# Pulaski County



## Maddawg69 (Oct 14, 2011)

I figured I would get the Pulaski thread started again this year. Lets here some reports.


----------



## spinefish (Oct 24, 2011)

Fawns still with does. Small bucks attempting to chase does. Does really tearing up the food plots.


----------



## jkduck8 (Oct 29, 2011)

Looking forward to hunting on my family's land next weekend


----------



## AArightpatch (Nov 4, 2011)

*Updates*

Any Pulaski updates on deer movement? I am heading back up on Friday.


----------



## spinefish (Nov 8, 2011)

Starting to see bigger bucks cruising looking for does. Not seeing the smaller bucks chasing as much. Seeing more lone deer. fawns, does by themselves. Hopefully, the does are pushing the fawns away getting ready. Exciting times. Anything can happen the next 20 days. Good luck.


----------



## michael_M (Nov 22, 2011)

What's the word on deer movement over there ?


----------



## Maddawg69 (Nov 23, 2011)

It has been really slow on our place over the past couple of weeks some guys headed back up soon I will update on what they see.


----------



## Maddawg69 (Nov 28, 2011)

Not much going on over the weekend. I will be headed back up this week let ya'll know what i see when i get back.


----------



## AArightpatch (Nov 28, 2011)

*Pulaski*

I was up there last week. In 4 days, I saw zero deer. Good luck to ya.


----------



## tournament fisher (Nov 28, 2011)

put some corn on the ground and they will come


----------



## sandy1 (Nov 28, 2011)

at night


----------



## spinefish (Nov 29, 2011)

We've had no luck the past week. Have seen a few small bucks feeding. No chasing anymore. Not even seeing the does right now.
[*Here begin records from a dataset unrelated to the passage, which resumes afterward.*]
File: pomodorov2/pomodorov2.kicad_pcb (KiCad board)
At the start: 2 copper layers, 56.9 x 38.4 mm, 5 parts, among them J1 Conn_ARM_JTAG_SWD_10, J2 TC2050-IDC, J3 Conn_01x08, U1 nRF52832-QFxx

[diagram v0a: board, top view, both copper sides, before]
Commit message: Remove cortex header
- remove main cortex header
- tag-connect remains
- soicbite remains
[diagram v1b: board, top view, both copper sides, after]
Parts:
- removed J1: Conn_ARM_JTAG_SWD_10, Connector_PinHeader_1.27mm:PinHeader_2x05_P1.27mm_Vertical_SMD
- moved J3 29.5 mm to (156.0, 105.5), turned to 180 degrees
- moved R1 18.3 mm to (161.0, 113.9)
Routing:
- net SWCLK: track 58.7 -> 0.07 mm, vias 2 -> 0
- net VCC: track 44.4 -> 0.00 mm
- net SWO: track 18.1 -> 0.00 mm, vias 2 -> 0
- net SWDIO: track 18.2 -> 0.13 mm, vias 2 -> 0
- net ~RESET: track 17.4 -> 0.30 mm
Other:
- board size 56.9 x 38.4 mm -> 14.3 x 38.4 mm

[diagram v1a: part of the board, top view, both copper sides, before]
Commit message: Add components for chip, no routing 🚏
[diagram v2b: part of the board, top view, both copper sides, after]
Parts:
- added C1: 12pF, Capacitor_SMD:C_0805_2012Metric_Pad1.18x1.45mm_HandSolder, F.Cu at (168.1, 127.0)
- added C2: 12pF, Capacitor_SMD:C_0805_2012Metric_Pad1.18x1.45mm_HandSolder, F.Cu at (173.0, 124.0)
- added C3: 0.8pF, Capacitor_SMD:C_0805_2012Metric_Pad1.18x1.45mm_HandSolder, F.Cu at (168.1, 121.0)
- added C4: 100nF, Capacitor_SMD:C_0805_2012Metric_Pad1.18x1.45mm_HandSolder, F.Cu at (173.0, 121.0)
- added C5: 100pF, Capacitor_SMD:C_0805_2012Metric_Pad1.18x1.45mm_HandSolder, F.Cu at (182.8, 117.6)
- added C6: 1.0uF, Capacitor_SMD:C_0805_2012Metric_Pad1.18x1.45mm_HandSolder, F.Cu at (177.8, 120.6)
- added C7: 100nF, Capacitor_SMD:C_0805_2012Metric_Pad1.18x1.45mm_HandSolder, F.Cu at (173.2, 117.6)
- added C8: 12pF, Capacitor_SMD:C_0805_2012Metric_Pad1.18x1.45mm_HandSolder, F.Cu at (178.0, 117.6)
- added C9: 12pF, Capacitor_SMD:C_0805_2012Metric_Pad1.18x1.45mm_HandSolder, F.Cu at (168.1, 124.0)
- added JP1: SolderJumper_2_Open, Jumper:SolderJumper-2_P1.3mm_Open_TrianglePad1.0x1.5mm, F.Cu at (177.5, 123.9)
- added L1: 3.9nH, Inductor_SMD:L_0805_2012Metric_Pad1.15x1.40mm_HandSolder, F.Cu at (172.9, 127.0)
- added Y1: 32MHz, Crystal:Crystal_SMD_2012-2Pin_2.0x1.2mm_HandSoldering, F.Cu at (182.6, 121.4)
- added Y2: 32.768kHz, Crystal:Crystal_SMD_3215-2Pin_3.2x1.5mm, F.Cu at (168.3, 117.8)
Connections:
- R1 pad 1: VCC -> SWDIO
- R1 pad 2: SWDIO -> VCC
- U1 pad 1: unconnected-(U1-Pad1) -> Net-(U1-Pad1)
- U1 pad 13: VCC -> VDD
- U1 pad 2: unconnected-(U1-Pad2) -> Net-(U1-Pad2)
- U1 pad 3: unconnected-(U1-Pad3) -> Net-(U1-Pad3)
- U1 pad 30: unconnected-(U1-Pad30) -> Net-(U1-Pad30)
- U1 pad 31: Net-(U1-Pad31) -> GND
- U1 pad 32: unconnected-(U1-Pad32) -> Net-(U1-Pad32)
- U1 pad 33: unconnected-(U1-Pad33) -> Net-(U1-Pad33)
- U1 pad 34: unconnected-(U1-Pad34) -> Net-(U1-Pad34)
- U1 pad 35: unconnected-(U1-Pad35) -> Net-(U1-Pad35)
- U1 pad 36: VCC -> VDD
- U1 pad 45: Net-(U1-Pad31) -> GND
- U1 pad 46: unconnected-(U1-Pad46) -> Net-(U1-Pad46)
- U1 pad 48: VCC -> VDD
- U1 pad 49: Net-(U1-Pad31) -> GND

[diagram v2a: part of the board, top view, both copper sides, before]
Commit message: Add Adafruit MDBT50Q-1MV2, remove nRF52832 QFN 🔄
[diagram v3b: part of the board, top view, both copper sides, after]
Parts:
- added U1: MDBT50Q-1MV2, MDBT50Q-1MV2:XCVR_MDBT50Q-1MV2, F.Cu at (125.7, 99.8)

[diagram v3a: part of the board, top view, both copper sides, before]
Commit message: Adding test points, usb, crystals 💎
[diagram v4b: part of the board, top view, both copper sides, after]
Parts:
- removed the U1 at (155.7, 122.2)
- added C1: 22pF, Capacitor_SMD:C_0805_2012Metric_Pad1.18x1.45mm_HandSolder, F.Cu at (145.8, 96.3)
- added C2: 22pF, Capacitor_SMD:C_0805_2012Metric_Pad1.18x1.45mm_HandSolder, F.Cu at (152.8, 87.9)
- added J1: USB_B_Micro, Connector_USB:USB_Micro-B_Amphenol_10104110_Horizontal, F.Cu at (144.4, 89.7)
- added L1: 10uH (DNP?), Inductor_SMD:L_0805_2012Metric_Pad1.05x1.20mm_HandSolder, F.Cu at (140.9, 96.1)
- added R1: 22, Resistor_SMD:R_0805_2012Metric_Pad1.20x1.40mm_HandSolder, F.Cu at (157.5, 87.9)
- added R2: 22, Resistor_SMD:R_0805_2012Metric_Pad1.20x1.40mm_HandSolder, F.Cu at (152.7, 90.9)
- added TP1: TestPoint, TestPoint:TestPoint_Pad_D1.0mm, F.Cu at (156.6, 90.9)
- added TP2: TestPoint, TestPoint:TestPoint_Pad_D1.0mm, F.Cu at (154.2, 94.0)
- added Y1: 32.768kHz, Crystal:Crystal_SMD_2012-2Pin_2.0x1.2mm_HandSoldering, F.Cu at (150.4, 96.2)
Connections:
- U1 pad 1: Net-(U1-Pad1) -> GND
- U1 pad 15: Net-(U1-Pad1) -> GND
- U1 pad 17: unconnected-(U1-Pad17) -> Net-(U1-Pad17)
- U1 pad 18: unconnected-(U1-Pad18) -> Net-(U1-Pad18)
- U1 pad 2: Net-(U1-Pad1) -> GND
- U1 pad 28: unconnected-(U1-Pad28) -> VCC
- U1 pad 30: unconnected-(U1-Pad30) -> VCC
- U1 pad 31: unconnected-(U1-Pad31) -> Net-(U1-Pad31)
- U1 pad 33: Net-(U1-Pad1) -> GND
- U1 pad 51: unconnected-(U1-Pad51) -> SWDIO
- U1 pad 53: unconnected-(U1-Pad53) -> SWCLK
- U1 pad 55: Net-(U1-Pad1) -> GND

Maybe the cold weather will stir them this week.


----------



## Xrallison (Nov 29, 2011)

My son killed a big 8 I shot a big 7 I seen 21 doe Thursday morning 7 Friday morning both bucks came into a primo can
And a flextone grunt call I shot 3 hogs one Friday night and 2 sat morning pretty good weekend I'd say both bucks are at the taxidermy now


----------



## Allen Waters (Dec 1, 2011)

tournament fisher said:


> put some corn on the ground and they will come



hogs?


----------